On 23rd April, 1915, in the neighbourhood of St. Julien, he went forward with the machine gun, of which he was in charge, under heavy fire, and most gallantly assisted in covering the retreat of a battery, losing four men of his gun team. Later, after obtaining four more men, he went forward again to the firing line and was himself killed while bringing his machine gun into action under very heavy fire, in order to cover the advance of support.

The London Gazette, 22 June 1915[5]

The citation refers to 23 April 1915; this is likely an error as his actions in covering the withdrawal of the artillery battery were performed on 22 April.[2] Like many of the other Canadian soldiers who fell in the first three days of the Second Battle of Ypres, Fisher's body was never recovered.
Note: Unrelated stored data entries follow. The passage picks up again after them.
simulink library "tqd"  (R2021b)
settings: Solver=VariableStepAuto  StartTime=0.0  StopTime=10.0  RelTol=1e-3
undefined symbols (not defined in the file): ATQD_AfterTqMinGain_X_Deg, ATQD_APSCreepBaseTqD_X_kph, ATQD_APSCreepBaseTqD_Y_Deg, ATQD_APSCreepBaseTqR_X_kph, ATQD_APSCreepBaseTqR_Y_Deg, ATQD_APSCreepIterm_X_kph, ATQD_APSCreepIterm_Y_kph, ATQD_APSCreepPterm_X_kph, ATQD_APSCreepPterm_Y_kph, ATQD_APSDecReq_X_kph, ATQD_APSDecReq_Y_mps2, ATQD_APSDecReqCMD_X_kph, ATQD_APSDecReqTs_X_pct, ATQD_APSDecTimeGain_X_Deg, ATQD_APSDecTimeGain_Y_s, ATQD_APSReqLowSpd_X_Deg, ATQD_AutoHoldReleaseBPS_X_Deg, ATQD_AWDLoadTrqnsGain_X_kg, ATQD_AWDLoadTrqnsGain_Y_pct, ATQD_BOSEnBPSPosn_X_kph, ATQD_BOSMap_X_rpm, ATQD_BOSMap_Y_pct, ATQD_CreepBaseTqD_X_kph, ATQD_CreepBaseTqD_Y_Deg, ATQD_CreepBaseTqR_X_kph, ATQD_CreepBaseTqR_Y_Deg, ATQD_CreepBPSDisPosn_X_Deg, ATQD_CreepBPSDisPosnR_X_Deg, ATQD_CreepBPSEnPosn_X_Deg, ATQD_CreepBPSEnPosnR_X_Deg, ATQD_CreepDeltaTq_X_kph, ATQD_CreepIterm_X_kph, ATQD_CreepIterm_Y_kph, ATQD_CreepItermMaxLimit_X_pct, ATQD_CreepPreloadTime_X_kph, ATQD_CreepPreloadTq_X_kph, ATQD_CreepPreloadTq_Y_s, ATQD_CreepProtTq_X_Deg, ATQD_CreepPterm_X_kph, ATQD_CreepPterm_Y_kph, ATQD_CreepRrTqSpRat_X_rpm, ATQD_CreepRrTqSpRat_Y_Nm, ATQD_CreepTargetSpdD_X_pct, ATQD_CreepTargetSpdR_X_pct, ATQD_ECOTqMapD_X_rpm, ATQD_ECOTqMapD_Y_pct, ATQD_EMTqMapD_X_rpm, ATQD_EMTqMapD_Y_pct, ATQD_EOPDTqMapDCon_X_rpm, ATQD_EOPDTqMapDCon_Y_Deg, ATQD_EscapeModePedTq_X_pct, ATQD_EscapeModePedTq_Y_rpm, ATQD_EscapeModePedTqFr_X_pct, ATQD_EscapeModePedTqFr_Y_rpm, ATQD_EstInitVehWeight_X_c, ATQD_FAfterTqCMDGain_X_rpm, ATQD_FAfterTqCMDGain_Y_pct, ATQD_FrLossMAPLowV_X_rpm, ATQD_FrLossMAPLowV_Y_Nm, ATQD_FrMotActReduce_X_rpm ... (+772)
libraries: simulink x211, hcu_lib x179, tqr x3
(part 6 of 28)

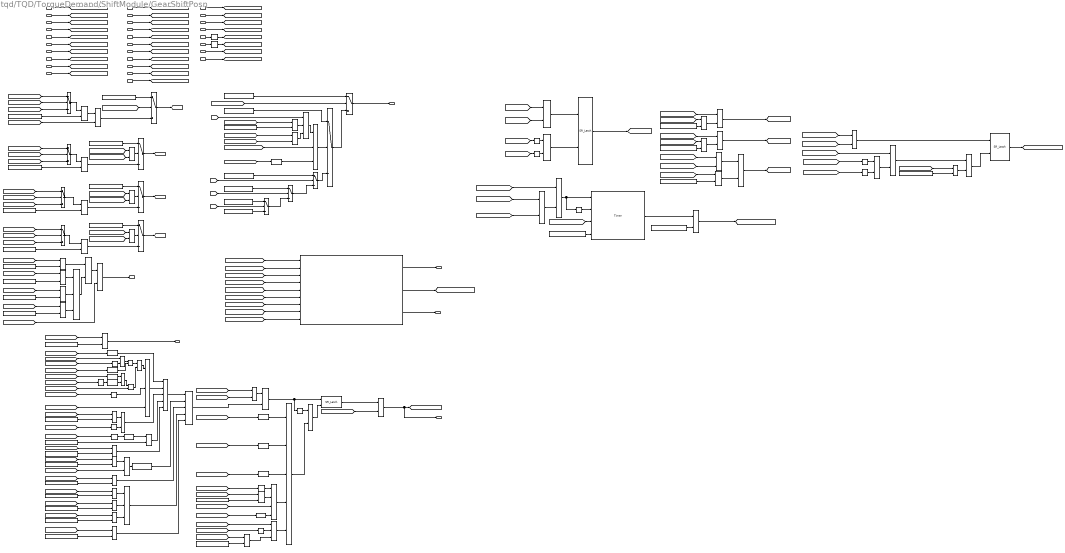
== system tqd/TQD/TorqueDemand/ShiftModule/GearShiftPosn ==
  note: Failsafe for Shifter PButton fail
  VTQD_ShifterHandleCmd_enum : Inport
  VPMM_PowerSta_enum : Inport  Port=2
  VINP_DrDoorSW_flg : Inport  Port=3
  VVMC_APSShiftPosnReq_enum : Inport  Port=4
  VVMC_APSActive_flg : Inport  Port=5
  VINP_DriverSeatBeltCmd_flg : Inport  Port=6
  VINP_SeatSW_flg : Inport  Port=7
  VTQD_EPBCarWashMode_flg : Inport  Port=8
  VTQD_VehActSpd_kph : Inport  Port=9
  VINP_ChrgPlugSta_enum : Inport  Port=10
  VTQD_GearActualPosn_enum : Inport  Port=11
  VTQD_AfterAvailableTqDemFr_Nm : Inport  Port=12
  VTQD_AfterAvailableTqDemRr_Nm : Inport  Port=13
  VTQR_NoABSFEDUWhlTqReq_Nm : Inport  Port=14
  VTQR_NoABSREDUWhlTqReq_Nm : Inport  Port=15
  task_time_s : Inport  Port=16
  VINP_DOASta_flg : Inport  Port=17
  VTQD_IVIPwrLock_flg : Inport  Port=18
  VTQD_BrkSwSta_flg : Inport  Port=19
  VTQD_OPDHoldAllowPark_flg : Inport  Port=20
  VINP_CAASSta_enum : Inport  Port=21
  VDDM_VCURAPSErrLv2_flg : Inport  Port=22
  VDDM_VCURAPSErrLv3_flg : Inport  Port=23
  VINP_APSStaSystem_enum : Inport  Port=24
  VDDM_Shifter1Err_flg : Inport  Port=25
  SWC_RegenUp : Inport  Port=26
  SWC_RegenDown : Inport  Port=27
  VDDM_ShifterSigErrCFS_flg : Inport  Port=28
  VTQD_ShifterFailsta_enum : Inport  Port=29
  AND{,1,6..9} (6 alike) : Logic  AllPortsSameDT=off  OutDataTypeStr=boolean
  AND2 : Logic  Inputs=4  AllPortsSameDT=off  OutDataTypeStr=boolean
  AND3 : Logic  Operator=OR  AllPortsSameDT=off  OutDataTypeStr=boolean
  AND4 : Logic  Inputs=3  AllPortsSameDT=off  OutDataTypeStr=boolean
  AND5 : Logic  Inputs=5  AllPortsSameDT=off  OutDataTypeStr=boolean
  Constant : Constant  Value=ENUM_GEARSHIFTCMD_R
  Constant1 : Constant  Value=ENUM_POWERSTA_READY
  Constant10 : Constant  Value=KTQD_OPDHoldAllowGearPSW_flg
  Constant11 : Constant  Value=ENUM_CAASSTA_SHIFTGEARTOP
  Constant12 : Constant  Value=ENUM_SHIFTCOMMAND_D
  Constant13 : Constant  Value=ENUM_SHIFTCOMMAND_N
  Constant14 : Constant  Value=ENUM_PWRSTASW_READY
  Constant15 : Constant  Value=ENUM_SHIFTCOMMAND_P
  Constant16 : Constant  Value=ENUM_CHRGPLUGSTA_NONE
  Constant17 : Constant  Value=ENUM_POWERSTA_STANDBY
  Constant18 : Constant  Value=ENUM_POWERSTA_ON
  Constant19 : Constant  Value=ENUM_POWERSTA_READY
  Constant2 : Constant  Value=ENUM_GEARSHIFTCMD_N
  Constant20 : Constant  Value=ENUM_APSSYSTEMSTA_REMOTEACTIVE
  Constant21 : Constant  Value=ENUM_APSSYSTEMSTA_REMOTEACTIVE
  Constant22 : Constant  Value=ENUM_CHRGPLUGSTA_NONE
  Constant23 : Constant  Value=ENUM_PWRSTASW_STANDBY
  Constant24 : Constant  Value=ENUM_PWRSTASW_ON
  Constant25 : Constant  Value=ENUM_PWRSTASW_READY
  Constant26 : Constant  Value=KTQD_ForcePLimitSpd_kph
  Constant27 : Constant  Value=KTQD_ShifterFail2P_s
  Constant28 : Constant  Value=KTQD_ShifterFail2P_s
  Constant29 : Constant  Value=KTQD_ForcePLimitSpd_kph
  Constant3 : Constant  Value=ENUM_GEARSHIFTCMD_P
  Constant30 : Constant  Value=ENUM_SHIFTERERRSTA_PBUTTONFAILURE
  Constant31 : Constant  Value=ENUM_SHIFTERERRSTA_HALLFAILURE
  Constant{5,32..34} (4 alike) : Constant  Value=FALSE
  Constant35 : Constant  Value=ENUM_SHIFTERERRSTA_SHIFTERFAILURE
  Constant36 : Constant  Value=ENUM_SHIFTCOMMAND_R
  Constant4 : Constant  Value=ENUM_GEARSHIFTCMD_D
  Constant6 : Constant  Value=ENUM_GEARSHIFTCMD_NONE
  Constant7 : Constant  Value=ENUM_GEARSHIFTCMD_P
  Constant8 : Constant  Value=ENUM_SHIFTCOMMAND_P
  Constant9 : Constant  Value=KTQD_DriveProtVehSpdGain_kph
  Delay{,1..3} (4 alike) : Delay  DelayLength=1
  Detect Change : simulink/Logic and Bit Operations/Detect Change  vinit=0  OutDataTypeStr=boolean
  Detect Change1 : simulink/Logic and Bit Operations/Detect Change  vinit=0  OutDataTypeStr=boolean
  Detect Decrease1 : simulink/Logic and Bit Operations/Detect Decrease  vinit=0.0  OutDataTypeStr=boolean
  Detect Increase{,1..6} (7 alike) : simulink/Logic and Bit Operations/Detect Increase  vinit=0.0  OutDataTypeStr=boolean
  Drive Protection : Subsystem
  Equal{,1..7,9..10,12..13,15..16,18..20} (17 alike) : RelationalOperator  Operator===  OutDataTypeStr=boolean  RndMeth=Simplest
  Equal11 : RelationalOperator  Operator=~=  OutDataTypeStr=boolean  RndMeth=Simplest
  Equal14 : RelationalOperator  Operator=~=  OutDataTypeStr=boolean  RndMeth=Simplest
  Equal8 : RelationalOperator  Operator=<=  OutDataTypeStr=boolean  RndMeth=Simplest
  Latch : hcu_lib/Basic_Blocks/Latch
  Logical Operator{,1,7,10..12,14,20,23} (9 alike) : Logic  AllPortsSameDT=off  OutDataTypeStr=boolean
      Logical Operator20 settings: AttributesFormatString=%<Operator>
  Logical Operator{8..9,13,16..19,24} (8 alike) : Logic  Operator=OR  AllPortsSameDT=off  OutDataTypeStr=boolean
      Logical Operator24 settings: AttributesFormatString=%<Operator>
  Logical Operator{4,15,21..22} (4 alike) : Logic  Operator=NOT  AllPortsSameDT=off  OutDataTypeStr=boolean
  Logical Operator2 : Logic  Inputs=3  AllPortsSameDT=off  OutDataTypeStr=boolean
  Logical Operator3 : Logic  Operator=OR  Inputs=3  AllPortsSameDT=off  OutDataTypeStr=boolean
  Logical Operator6 : Logic  Inputs=3  AllPortsSameDT=off  OutDataTypeStr=boolean
  NOT{,2..7} (7 alike) : Logic  Operator=NOT  AllPortsSameDT=off  OutDataTypeStr=boolean
  OR : Logic  Operator=OR  Inputs=3  AllPortsSameDT=off  OutDataTypeStr=boolean
  OR1 : Logic  Operator=OR  Inputs=5  AllPortsSameDT=off  OutDataTypeStr=boolean
  OR{2..6,9..10} (7 alike) : Logic  Operator=OR  AllPortsSameDT=off  OutDataTypeStr=boolean
  OR7 : Logic  Operator=OR  Inputs=5  AllPortsSameDT=off  OutDataTypeStr=boolean
  OR8 : Logic  Operator=OR  Inputs=3  AllPortsSameDT=off  OutDataTypeStr=boolean
  Relational Operator1 : RelationalOperator  Operator===  OutDataTypeStr=boolean  RndMeth=Simplest
  Relational Operator2 : RelationalOperator  Operator=<=  OutDataTypeStr=boolean  RndMeth=Simplest
  Relational Operator3 : RelationalOperator  OutDataTypeStr=boolean  RndMeth=Simplest
  Relational Operator4 : RelationalOperator  Operator=<=  OutDataTypeStr=boolean  RndMeth=Simplest
  Relational Operator5 : RelationalOperator  Operator=~=  OutDataTypeStr=boolean  RndMeth=Simplest
  SR_Latch : hcu_lib/Basic_Blocks/SR_Latch
  SR_Latch1 : hcu_lib/Basic_Blocks/SR_Latch
  SR_Latch3 : hcu_lib/Basic_Blocks/SR_Latch
  Switch{,1..4,7} (6 alike) : Switch  Criteria=u2 ~= 0
      Switch1 settings: AttributesFormatString=%<Criteria>
      Switch2 settings: AttributesFormatString=%<Criteria>
      Switch3 settings: AttributesFormatString=%<Criteria>
      Switch4 settings: AttributesFormatString=%<Criteria>
  Switch{5..6,8,10..13} (7 alike) : Switch  Criteria=u2 > Threshold
  Timer : hcu_lib/Basic_Blocks/Timer
  VTQD_GearShiftCMD_enum : Outport
  VTQD_PwrStaAllowPN_flg : Outport  Port=2
  VTQD_PwrStaAllowDR_flg : Outport  Port=3
  VTQD_DriveProtRemove_flg : Outport  Port=4
  VTQD_DriveProtEn_flg : Outport  Port=5
  VTQD_ForceP_flg : Outport  Port=6
  wires:
  Switch2/1 -> Switch4/3
  Constant2/1 -> Switch4/1
  Switch1/1 -> Switch2/3
  [P] -> Switch2/2
  Constant3/1 -> Switch2/1
  Switch3/1 -> Switch1/3
  Constant/1 -> Switch3/1
  Constant4/1 -> Switch1/1
  [R] -> Switch3/2
  [D] -> Switch1/2
  VTQD_ShifterHandleCmd_enum/1 -> [VTQD_ShifterHandleCmd_enum]
  Constant19/1 -> Equal6/2
  [VPMM_PowerSta_enum] -> Equal6/1
  [VPMM_PowerSta_enum] -> Equal5/1
  [VPMM_PowerSta_enum] -> Equal4/1
  Constant17/1 -> Equal4/2
  Constant18/1 -> Equal5/2
  VPMM_PowerSta_enum/1 -> [VPMM_PowerSta_enum]
  Equal5/1 -> OR/2
  Equal4/1 -> OR/1
  Equal6/1 -> OR/3
  [VPMM_PowerSta_enum] -> Equal7/1
  Constant1/1 -> Equal7/2
  Equal7/1 -> VTQD_PwrStaAllowDR_flg/1  "VTQD_PwrStaAllowDR_flg"
  Constant6/1 -> Switch3/3
  Switch/1 -> VTQD_GearShiftCMD_enum/1  "VTQD_GearShiftCMD_enum"
  Switch4/1 -> Switch/3
  VINP_DrDoorSW_flg/1 -> [VINP_DrDoorSW_flg]
  [VTQD_ForceP_flg] -> Switch/2
  Constant7/1 -> Switch/1
  VVMC_APSShiftPosnReq_enum/1 -> [VVMC_APSShiftPosnReq_enum]
  VVMC_APSActive_flg/1 -> [VVMC_APSActive_flg]
  VINP_SeatSW_flg/1 -> [VINP_SeatSW_flg]
  VINP_DriverSeatBeltCmd_flg/1 -> [VINP_DriverSeatBeltCmd_flg]
  VTQD_EPBCarWashMode_flg/1 -> [VTQD_EPBCarWashMode_flg]
  VTQD_VehActSpd_kph/1 -> [VTQD_VehActSpd_kph]
  VINP_ChrgPlugSta_enum/1 -> [VINP_ChrgPlugSta_enum]
  VTQR_NoABSREDUWhlTqReq_Nm/1 -> [VTQR_NoABSREDUWhlTqReq_Nm]
  VTQD_AfterAvailableTqDemFr_Nm/1 -> [VTQD_AfterAvailableTqDemFr_Nm]
  VTQD_GearActualPosn_enum/1 -> [VTQD_GearActualPosn_enum]
  VTQR_NoABSFEDUWhlTqReq_Nm/1 -> [VTQR_NoABSFEDUWhlTqReq_Nm]
  VTQD_AfterAvailableTqDemRr_Nm/1 -> [VTQD_AfterAvailableTqDemRr_Nm]
  task_time_s/1 -> [task_time_s]
  OR6/1 -> Logical Operator/1
  Logical Operator1/1 -> OR10/2
  [VTQD_EPBCarWashMode_flg] -> NOT4/1
  [VPMM_PowerSta_enum] -> Equal15/1
  [VTQD_VehActSpd_kph] -> Relational Operator2/1
  Logical Operator/1 -> OR10/1
  Detect Increase3/1 -> OR9/2
  [VINP_DrDoorSW_flg] -> Logical Operator1/2
  [VINP_SeatSW_flg] -> NOT5/1
  [VINP_DrDoorSW_flg] -> Detect Increase1/1
  OR9/1 -> Logical Operator1/1
  Detect Increase2/1 -> OR9/1
  Constant16/1 -> Equal14/2
  NOT5/1 -> Detect Increase3/1
  [VINP_DriverSeatBeltCmd_flg] -> Detect Increase2/1
  Equal12/1 -> OR8/2
  OR10/1 -> AND4/1
  AND4/1 -> OR7/2
  Equal15/1 -> OR8/1
  Constant23/1 -> Equal15/2
  Constant25/1 -> Equal13/2
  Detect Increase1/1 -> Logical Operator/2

His name can be found on the Menin Gate war memorial in Ypres[1] for the 56,000 troops from Britain, Australia, Canada and India killed in the Ypres Salient and who have no known grave.[6]

Victoria Cross

In August 1915, the War Office forwarded Fisher's VC to his parents, who were living in Westmount,[1] and accompanied by a handwritten letter from King George V.[7] The following year, they attended a ceremony at McGill University where a portrait of Fisher was unveiled. Following the death of Fisher's mother in 1946, the VC was passed on to his sister, who in turn donated it to the Royal Highland Regiment of Canada,[1] now known as the Black Watch. The VC is securely held in a bank vault while a replica is displayed at its headquarters in Montreal.[7]

Fisher is remembered by two plaques; the first, laid in 1917, is at the Royal Highlanders of Canada Armories in Montreal, while the other, laid in 1970 by the Royal Canadian Legion, is in Memorial Park at St. Catharines, his town of birth.[1]

References

  1. 1 2 3 4 5 6 7 Batchelor & Matson 2011, pp. 92–93.
  2. 1 2 3 4 Batchelor & Matson 2011, pp. 90–91.
  3. Batchelor & Matson 2011, p. 88.
  4. Ashcroft 2007, pp. 8–10.
  5. "No. 29202". The London Gazette (Supplement). 22 June 1915. pp. 6115–6116.
  6. "Ypres (Menin Gate) Memorial". Commonwealth War Graves Commission. Retrieved 14 July 2019.
  7. 1 2 Montpetit, Jonathan; Nakonechny, Simon (4 November 2018). "Montreal's Black Watch regiment treasures WW I Victoria Cross". CBC/Radio-Canada. Retrieved 12 July 2019.